В книге Мэсси Распутин – это «святой черт», похотливый блудник, шарлатан и авантюрист, бросивший мрачную тень на императорскую чету в целом и на императрицу в частности. Из уст в уста переходили истории – о том, что фрейлина Анна Вырубова и императрица – любовницы сибирского мужика, что тот заставляет царя снимать с него сапоги, мыть ему ноги, потом выгоняет из комнаты и валился с его женой в кровать. Толпа повторяла, будто бы он изнасиловал всех великих княжон, превратив их спальни в гарем, где девочки, обезумевшие от любви к «старцу», наперебой стремятся добиться его внимания. На заборах и стенах домов появлялись рисунки, изображавшие Гришку Распутина в самых непристойных позах, сочинялись сотни скабрезных частушек.

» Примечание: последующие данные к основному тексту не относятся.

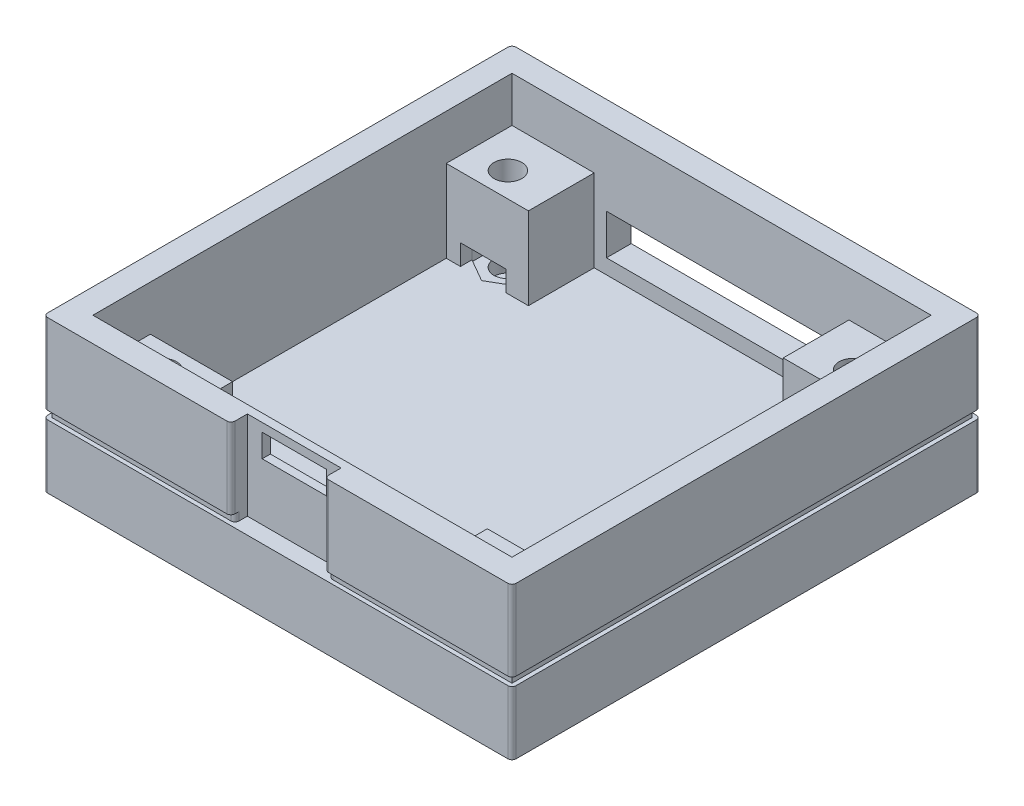
SolidWorks part; units mm, degrees
ref_plane "Plan de face" through (0, 0, 0) normal (0, 0, 1) x (1, 0, 0)
ref_plane "Plan de dessus" through (0, 0, 0) normal (0, 1, 0) x (1, 0, 0)
ref_plane "Plan de droite" through (0, 0, 0) normal (1, 0, 0) x (0, 0, -1)
sketch "Esquisse1" plane through (0, 0, 0) normal (0, 1, 0) x (1, 0, 0)
  line L1 (-30.0101, 36.8942) -> (26.9899, 36.8942)
  line L2 (-30.0101, 36.8942) -> (-30.0101, -20.1058)
  line L3 (-30.0101, -20.1058) -> (26.9899, -20.1058)
  line L4 (26.9899, 36.8942) -> (26.9899, -20.1058)
extrude "Boss.-Extru.1" add sketch "Esquisse1" along normal blind 18.5 contours L2 L3 L4 L1
sketch "Esquisse2" plane through (0, 18.5, 0) normal (0, 1, 0) x (1, 0, 0)
  line L0 (-30.0101, 36.8942) -> (26.9899, 36.8942) construction
  line L1 (-27.0101, 33.8942) -> (23.9899, 33.8942)
  line L2 (-27.0101, 33.8942) -> (-27.0101, -17.1058)
  line L3 (-27.0101, -17.1058) -> (23.9899, -17.1058)
  line L4 (23.9899, 33.8942) -> (23.9899, -17.1058)
  line L5 (-30.0101, 36.8942) -> (-30.0101, -20.1058) construction
  line L6 (26.9899, 36.8942) -> (26.9899, -20.1058) construction
  line L7 (-30.0101, -20.1058) -> (26.9899, -20.1058) construction
  dimension "D1" = 3
  dimension "D2" = 3
  dimension "D3" = 3
  dimension "D4" = 3
extrude "Enlèv. mat.-Extru.1" cut sketch "Esquisse2" against normal blind 15.5 contours L2 L3 L4 L1
sketch "Esquisse4" plane through (0, 3, 0) normal (0, 1, 0) x (1, 0, 0)
  line L1 (-17.0101, 25.8942) -> (-27.0101, 25.8942)
  line L2 (-17.0101, 25.8942) -> (-17.0101, 33.8942)
  line L3 (-17.0101, 33.8942) -> (-27.0101, 33.8942)
  line L4 (-27.0101, 25.8942) -> (-27.0101, 33.8942)
extrude "Boss.-Extru.2" add sketch "Esquisse4" along normal blind 10
sketch "Esquisse5" plane through (0, 3, 0) normal (0, 1, 0) x (1, 0, 0)
  line L1 (23.9899, 33.8942) -> (13.9899, 33.8942)
  line L2 (23.9899, 33.8942) -> (23.9899, 25.8942)
  line L3 (23.9899, 25.8942) -> (13.9899, 25.8942)
  line L4 (13.9899, 33.8942) -> (13.9899, 25.8942)
extrude "Boss.-Extru.3" add sketch "Esquisse5" along normal blind 10
sketch "Esquisse6" plane through (0, 3, 0) normal (0, 1, 0) x (1, 0, 0)
  line L1 (23.9899, -17.1058) -> (13.9899, -17.1058)
  line L2 (23.9899, -17.1058) -> (23.9899, -10.1058)
  line L3 (23.9899, -10.1058) -> (13.9899, -10.1058)
  line L4 (13.9899, -17.1058) -> (13.9899, -10.1058)
extrude "Boss.-Extru.4" add sketch "Esquisse6" along normal blind 10
sketch "Esquisse7" plane through (0, 3, 0) normal (0, 1, 0) x (1, 0, 0)
  line L1 (-17.0101, -10.1058) -> (-27.0101, -10.1058)
  line L2 (-17.0101, -10.1058) -> (-17.0101, -17.1058)
  line L3 (-17.0101, -17.1058) -> (-27.0101, -17.1058)
  line L4 (-27.0101, -10.1058) -> (-27.0101, -17.1058)
extrude "Boss.-Extru.5" add sketch "Esquisse7" along normal blind 10
sketch "Esquisse8" plane through (0, 13, 0) normal (0, 1, 0) x (1, 0, 0)
  line L0 (13.9899, -17.1058) -> (23.9899, -17.1058) construction
  line L2 (23.9899, -17.1058) -> (23.9899, -10.1058) construction
  circle A0 centre (19.4899, -13.1058) radius 1.7
  dimension "D1" = 4
  dimension "D2" = 4.5
extrude "Enlèv. mat.-Extru.2" cut sketch "Esquisse8" against normal blind 12
sketch "Esquisse9" plane through (0, 13, 0) normal (0, 1, 0) x (1, 0, 0)
  line L0 (-27.0101, -17.1058) -> (-17.0101, -17.1058) construction
  line L1 (-27.0101, -10.1058) -> (-27.0101, -17.1058) construction
  circle A0 centre (-22.5101, -13.1058) radius 1.7
  dimension "D1" = 4
  dimension "D2" = 4.5
extrude "Enlèv. mat.-Extru.3" cut sketch "Esquisse9" against normal blind 12
sketch "Esquisse16" plane through (0, 13, 0) normal (0, 1, 0) x (1, 0, 0)
  line L0 (-17.0101, 33.8942) -> (-27.0101, 33.8942) construction
  line L1 (-27.0101, 33.8942) -> (-27.0101, 25.8942) construction
  circle A0 centre (-22.5101, 28.8942) radius 1.7
  dimension "D1" = 5
  dimension "D2" = 4.5
extrude "Enlèv. mat.-Extru.9" cut sketch "Esquisse16" against normal blind 12 contours A0
sketch "Esquisse17" plane through (0, 13, 0) normal (0, 1, 0) x (1, 0, 0)
  line L0 (23.9899, 33.8942) -> (13.9899, 33.8942) construction
  line L1 (23.9899, 25.8942) -> (23.9899, 33.8942) construction
  circle A0 centre (19.4899, 28.8942) radius 1.7
  dimension "D1" = 5
  dimension "D2" = 4.5
extrude "Enlèv. mat.-Extru.10" cut sketch "Esquisse17" against normal blind 12
sketch "Esquisse21" plane through (0, 0, 20.1058) normal (0, 0, 1) x (1, 0, 0)
  line L0 (-30.0101, 0) -> (26.9899, 0) construction
  line L1 (-5.4101, 17.47) -> (2.3899, 17.47)
  line L2 (-5.4101, 17.47) -> (-5.4101, 14.67)
  line L3 (-5.4101, 14.67) -> (2.3899, 14.67)
  line L4 (2.3899, 17.47) -> (2.3899, 14.67)
  line L5 (-30.0101, 18.5) -> (-30.0101, 0) construction
  line L7 (26.9899, 18.5) -> (26.9899, 0) construction
  dimension "D1" = 14.67
  dimension "D2" = 24.6
  dimension "D3" = 24.6
extrude "Enlèv. mat.-Extru.14" cut sketch "Esquisse21" against normal blind 3
sketch "Esquisse23" plane through (0, 0, -25.8942) normal (0, 0, 1) x (1, 0, 0)
  line L0 (13.9899, 13) -> (13.9899, 3) construction
  line L5 (22.2599, 5.5) -> (16.7199, 5.5)
  line L6 (22.2599, 5.5) -> (22.2599, 3)
  line L7 (22.2599, 3) -> (16.7199, 3)
  line L8 (16.7199, 5.5) -> (16.7199, 3)
  line L9 (23.9899, 13) -> (23.9899, 3) construction
  dimension "D1" = 2.73
  dimension "D2" = 1.73
sketch "Esquisse24" plane through (0, 13, 0) normal (0, 1, 0) x (1, 0, 0)
  line L1 (19.4899, 25.6942) -> (22.2612, 27.2942)
  line L2 (22.2612, 27.2942) -> (22.2612, 30.4942)
  line L3 (22.2612, 30.4942) -> (19.4899, 32.0942)
  line L4 (19.4899, 32.0942) -> (16.7186, 30.4942)
  line L5 (16.7186, 30.4942) -> (16.7186, 27.2942)
  line L6 (16.7186, 27.2942) -> (19.4899, 25.6942)
  circle A0 centre (19.4899, 28.8942) radius 2.7713 construction
  circle A1 centre (19.4899, 28.8942) radius 1.7 construction
  dimension "D1" = 0
extrude "Enlèv. mat.-Extru.18" cut sketch "Esquisse24" against normal blind 2.7 from offset 7.5 contours L1 L2 L3 L4 L5 L6 offset against normal yes
sketch "Esquisse25" plane through (0, 13, 0) normal (0, 1, 0) x (1, 0, 0)
  line L1 (16.7186, -11.5058) -> (16.7186, -14.7058)
  line L2 (16.7186, -14.7058) -> (19.4899, -16.3058)
  line L3 (19.4899, -16.3058) -> (22.2612, -14.7058)
  line L4 (22.2612, -14.7058) -> (22.2612, -11.5058)
  line L5 (22.2612, -11.5058) -> (19.4899, -9.9058)
  line L6 (19.4899, -9.9058) -> (16.7186, -11.5058)
  circle A0 centre (19.4899, -13.1058) radius 2.7713 construction
  circle A1 centre (19.4899, -13.1058) radius 1.7 construction
  dimension "D1" = 0
extrude "Enlèv. mat.-Extru.20" cut sketch "Esquisse25" against normal blind 2.7 from offset 7.5 offset against normal yes
sketch "Esquisse26" plane through (0, 0, 10.1058) normal (0, 0, -1) x (-1, 0, 0)
  line L0 (-13.9899, 13) -> (-13.9899, 3) construction
  line L1 (-22.2599, 5.5) -> (-16.7199, 5.5)
  line L2 (-22.2599, 5.5) -> (-22.2599, 3)
  line L3 (-22.2599, 3) -> (-16.7199, 3)
  line L4 (-16.7199, 5.5) -> (-16.7199, 3)
  line L5 (-23.9899, 13) -> (-23.9899, 3) construction
  dimension "D1" = 2.73
  dimension "D2" = 1.73
extrude "Enlèv. mat.-Extru.21" cut sketch "Esquisse26" against normal blind 2.848
sketch "Esquisse27" plane through (0, 13, 0) normal (0, 1, 0) x (1, 0, 0)
  line L1 (-19.7388, 27.2942) -> (-19.7388, 30.4942)
  line L2 (-19.7388, 30.4942) -> (-22.5101, 32.0942)
  line L3 (-22.5101, 32.0942) -> (-25.2814, 30.4942)
  line L4 (-25.2814, 30.4942) -> (-25.2814, 27.2942)
  line L5 (-25.2814, 27.2942) -> (-22.5101, 25.6942)
  line L6 (-22.5101, 25.6942) -> (-19.7388, 27.2942)
  circle A0 centre (-22.5101, 28.8942) radius 2.7713 construction
  circle A1 centre (-22.5101, 28.8942) radius 1.7 construction
  dimension "D1" = 0
  dimension "D2" = 0
extrude "Enlèv. mat.-Extru.22" cut sketch "Esquisse27" against normal blind 2.7 from offset 7.5 contours L4 L5 L6 L1 L2 L3 offset against normal yes
sketch "Esquisse29" plane through (0, 13, 0) normal (0, 1, 0) x (1, 0, 0)
  line L1 (-19.7388, -11.5058) -> (-22.5101, -9.9058)
  line L2 (-22.5101, -9.9058) -> (-25.2814, -11.5058)
  line L3 (-25.2814, -11.5058) -> (-25.2814, -14.7058)
  line L4 (-25.2814, -14.7058) -> (-22.5101, -16.3058)
  line L5 (-22.5101, -16.3058) -> (-19.7388, -14.7058)
  line L6 (-19.7388, -14.7058) -> (-19.7388, -11.5058)
  circle A0 centre (-22.5101, -13.1058) radius 2.7713 construction
  circle A1 centre (-22.5101, -13.1058) radius 1.7 construction
  dimension "D1" = 0
extrude "Enlèv. mat.-Extru.24" cut sketch "Esquisse29" against normal blind 2.7 from offset 7.5 offset against normal yes
sketch "Esquisse30" plane through (0, 0, 10.1058) normal (0, 0, -1) x (-1, 0, 0)
  line L0 (17.0101, 13) -> (17.0101, 3) construction
  line L1 (25.2801, 5.5) -> (19.7401, 5.5)
  line L2 (25.2801, 5.5) -> (25.2801, 3)
  line L3 (25.2801, 3) -> (19.7401, 3)
  line L4 (19.7401, 5.5) -> (19.7401, 3)
  line L5 (27.0101, 13) -> (27.0101, 3) construction
  dimension "D1" = 2.73
  dimension "D2" = 1.73
extrude "Enlèv. mat.-Extru.26" cut sketch "Esquisse23" against normal blind 2 contours L5 L8 L7 L6
sketch "Esquisse31" plane through (0, 0, -25.8942) normal (0, 0, 1) x (1, 0, 0)
  line L0 (-27.0101, 13) -> (-27.0101, 3) construction
  line L1 (-25.2801, 5.5) -> (-19.7401, 5.5)
  line L2 (-25.2801, 5.5) -> (-25.2801, 3)
  line L3 (-25.2801, 3) -> (-19.7401, 3)
  line L4 (-19.7401, 5.5) -> (-19.7401, 3)
  line L6 (-17.0101, 13) -> (-17.0101, 3) construction
  dimension "D1" = 1.73
  dimension "D2" = 2.73
extrude "Enlèv. mat.-Extru.27" cut sketch "Esquisse31" against normal blind 2 contours L1 L4 L3 L2
extrude "Enlèv. mat.-Extru.28" cut sketch "Esquisse30" against normal blind 2 contours L1 L4 L3 L2
sketch "Esquisse32" plane through (-30.0101, 0, 0) normal (-1, 0, 0) x (0, 0, 1)
  line L0 (20.1058, 18.5) -> (20.1058, 0) construction
  line L1 (20.1058, 8.72) -> (-36.8942, 8.72)
  line L2 (20.1058, 8.72) -> (20.1058, 7.72)
  line L3 (20.1058, 7.72) -> (-36.8942, 7.72)
  line L4 (-36.8942, 8.72) -> (-36.8942, 7.72)
  line L5 (-36.8942, 18.5) -> (-36.8942, 0) construction
sketch "Esquisse33" plane through (0, 0, 20.1058) normal (0, 0, 1) x (1, 0, 0)
  line L0 (26.9899, 18.5) -> (26.9899, 0) construction
  line L1 (-30.0101, 8.72) -> (26.9899, 8.72)
  line L2 (-30.0101, 8.72) -> (-30.0101, 7.72)
  line L3 (-30.0101, 7.72) -> (26.9899, 7.72)
  line L4 (26.9899, 8.72) -> (26.9899, 7.72)
extrude "Enlèv. mat.-Extru.29" cut sketch "Esquisse32" against normal blind 0.5
extrude "Enlèv. mat.-Extru.30" cut sketch "Esquisse33" against normal blind 0.5 contours L1 L4 L3 L2
sketch "Esquisse34" plane through (26.9899, 0, 0) normal (1, 0, 0) x (0, 0, -1)
  line L0 (36.8942, 18.5) -> (36.8942, 0) construction
  line L1 (-20.1058, 7.72) -> (36.8942, 7.72)
  line L2 (-20.1058, 7.72) -> (-20.1058, 8.72)
  line L3 (-20.1058, 8.72) -> (36.8942, 8.72)
  line L4 (36.8942, 7.72) -> (36.8942, 8.72)
extrude "Enlèv. mat.-Extru.31" cut sketch "Esquisse34" against normal blind 0.5
sketch "Esquisse35" plane through (0, 0, -36.8942) normal (0, 0, -1) x (-1, 0, 0)
  line L0 (29.5101, 8.72) -> (30.0101, 8.72) construction
  line L1 (-26.9899, 7.72) -> (30.0101, 7.72)
  line L2 (-26.9899, 7.72) -> (-26.9899, 8.72)
  line L3 (-26.9899, 8.72) -> (30.0101, 8.72)
  line L4 (30.0101, 7.72) -> (30.0101, 8.72)
  line L5 (30.0101, 18.5) -> (30.0101, 8.72) construction
extrude "Enlèv. mat.-Extru.32" cut sketch "Esquisse35" against normal blind 0.5
sketch "Esquisse36" plane through (0, 0, 20.1058) normal (0, 0, 1) x (1, 0, 0)
  line L0 (-30.0101, 18.5) -> (26.9899, 18.5) construction
  line L1 (4.1899, 7.72) -> (-7.2101, 7.72)
  line L2 (4.1899, 7.72) -> (4.1899, 18.5)
  line L3 (4.1899, 18.5) -> (-7.2101, 18.5)
  line L4 (-7.2101, 7.72) -> (-7.2101, 18.5)
  line L6 (2.3899, 14.67) -> (2.3899, 17.47) construction
  line L7 (-5.4101, 17.47) -> (-5.4101, 14.67) construction
  line L9 (26.9899, 7.72) -> (-30.0101, 7.72) construction
  dimension "D1" = 1.8
  dimension "D2" = 1.8
extrude "Enlèv. mat.-Extru.33" cut sketch "Esquisse36" against normal blind 2
fillet "Congé1" radius 0.5 1 edges at (-7.2101, 13.61, 20.1058)
fillet "Congé2" radius 0.5 1 edges at (4.1899, 13.61, 20.1058)
fillet "Congé3" radius 0.5 1 edges at (-7.2101, 8.22, 19.6058)
fillet "Congé4" radius 0.5 1 edges at (4.1899, 8.22, 19.6058)
fillet "Congé5" radius 0.5 1 edges at (26.9899, 13.61, 20.1058)
fillet "Congé6" radius 0.5 1 edges at (26.9899, 3.86, 20.1058)
fillet "Congé7" radius 0.5 1 edges at (26.9899, 13.61, -36.8942)
fillet "Congé8" radius 0.5 1 edges at (26.9899, 3.86, -36.8942)
fillet "Congé9" radius 0.5 1 edges at (-30.0101, 13.61, -36.8942)
fillet "Congé10" radius 0.5 1 edges at (-30.0101, 3.86, -36.8942)
fillet "Congé11" radius 0.5 1 edges at (-30.0101, 13.61, 20.1058)
fillet "Congé12" radius 0.5 1 edges at (-30.0101, 3.86, 20.1058)
sketch "Esquisse38" plane through (0, 0, -36.8942) normal (0, 0, -1) x (-1, 0, 0)
  line L1 (-12.4899, 9.7115) -> (15.5101, 9.7115)
  line L2 (-12.4899, 9.7115) -> (-12.4899, 4.7985)
  line L3 (-12.4899, 4.7985) -> (15.5101, 4.7985)
  line L4 (15.5101, 9.7115) -> (15.5101, 4.7985)
  dimension "D1" = 5.3
  dimension "D2" = 5.3
extrude "Enlèv. mat.-Extru.34" cut sketch "Esquisse38" against normal blind 3

Однако императрица, дрожавшая над больным цесаревичем, которому один только Распутин и мог помочь, защищала «Друга» так рьяно и энергично, что ее считали с ним единым целым. По его указке она стала жонглировать назначениями министров, вмешивалась в важнейшие решения правительства. Император потакал ей и шел на поводу. Это не только раздражало, но и оскорбляло подданных империи. Для большинства населения России немка императрица стала предметом ненависти и презрения. Поэтому когда в столице узнали о убийстве Распутина, многие радовались, целовались, превозносили его убийц как героев. Революционные события в Петрограде, хлебные бунты, отречение Государя за себя и за сына не замедлили себя ждать.
Сцены убийства Распутина Р. Мэсси изложил в точном соответствии с мемуарами Феликса Юсупова, в правдивости и точности которых не усомнился ни в одном пункте. Впереди были страдания и гибель. «Злодеяние совершилось», – этими словами заканчивается книга Р. Мэсси.
Действие фильма «Николай и Александра» начинается с момента рождения наследника престола цесаревича Алексея, 30 августа 1904 года, и заканчивается расстрелом царской семьи 17 июля 1918 года. Четырнадцать лет, наполненные счастьем и страданием, любовью и горем, бедствиями народными, роковой ошибкой царя, допустившего 9 (22) января 1905 года разгон и расстрел шествия рабочих к Зимнему дворцу с Петицией о своих нуждах (притом, что царя в день шествия не было ни во дворце, ни в городе). Кровавое воскресенье, когда погибло несколько сотен человек, ставшее толчком к Первой русской революции, пагубная война с Японией, нищета заводских рабочих, голод крестьян, Первая мировая война, которую, наверное, можно было предотвратить. И главное в цепи ошибок последнего царствования – потакание Распутину (Том Бэйкер), «Другу», которому беззаветно верила императрица (Дженет Сьюзман), ставя в зависимость от его желаний и капризов жизнь империи.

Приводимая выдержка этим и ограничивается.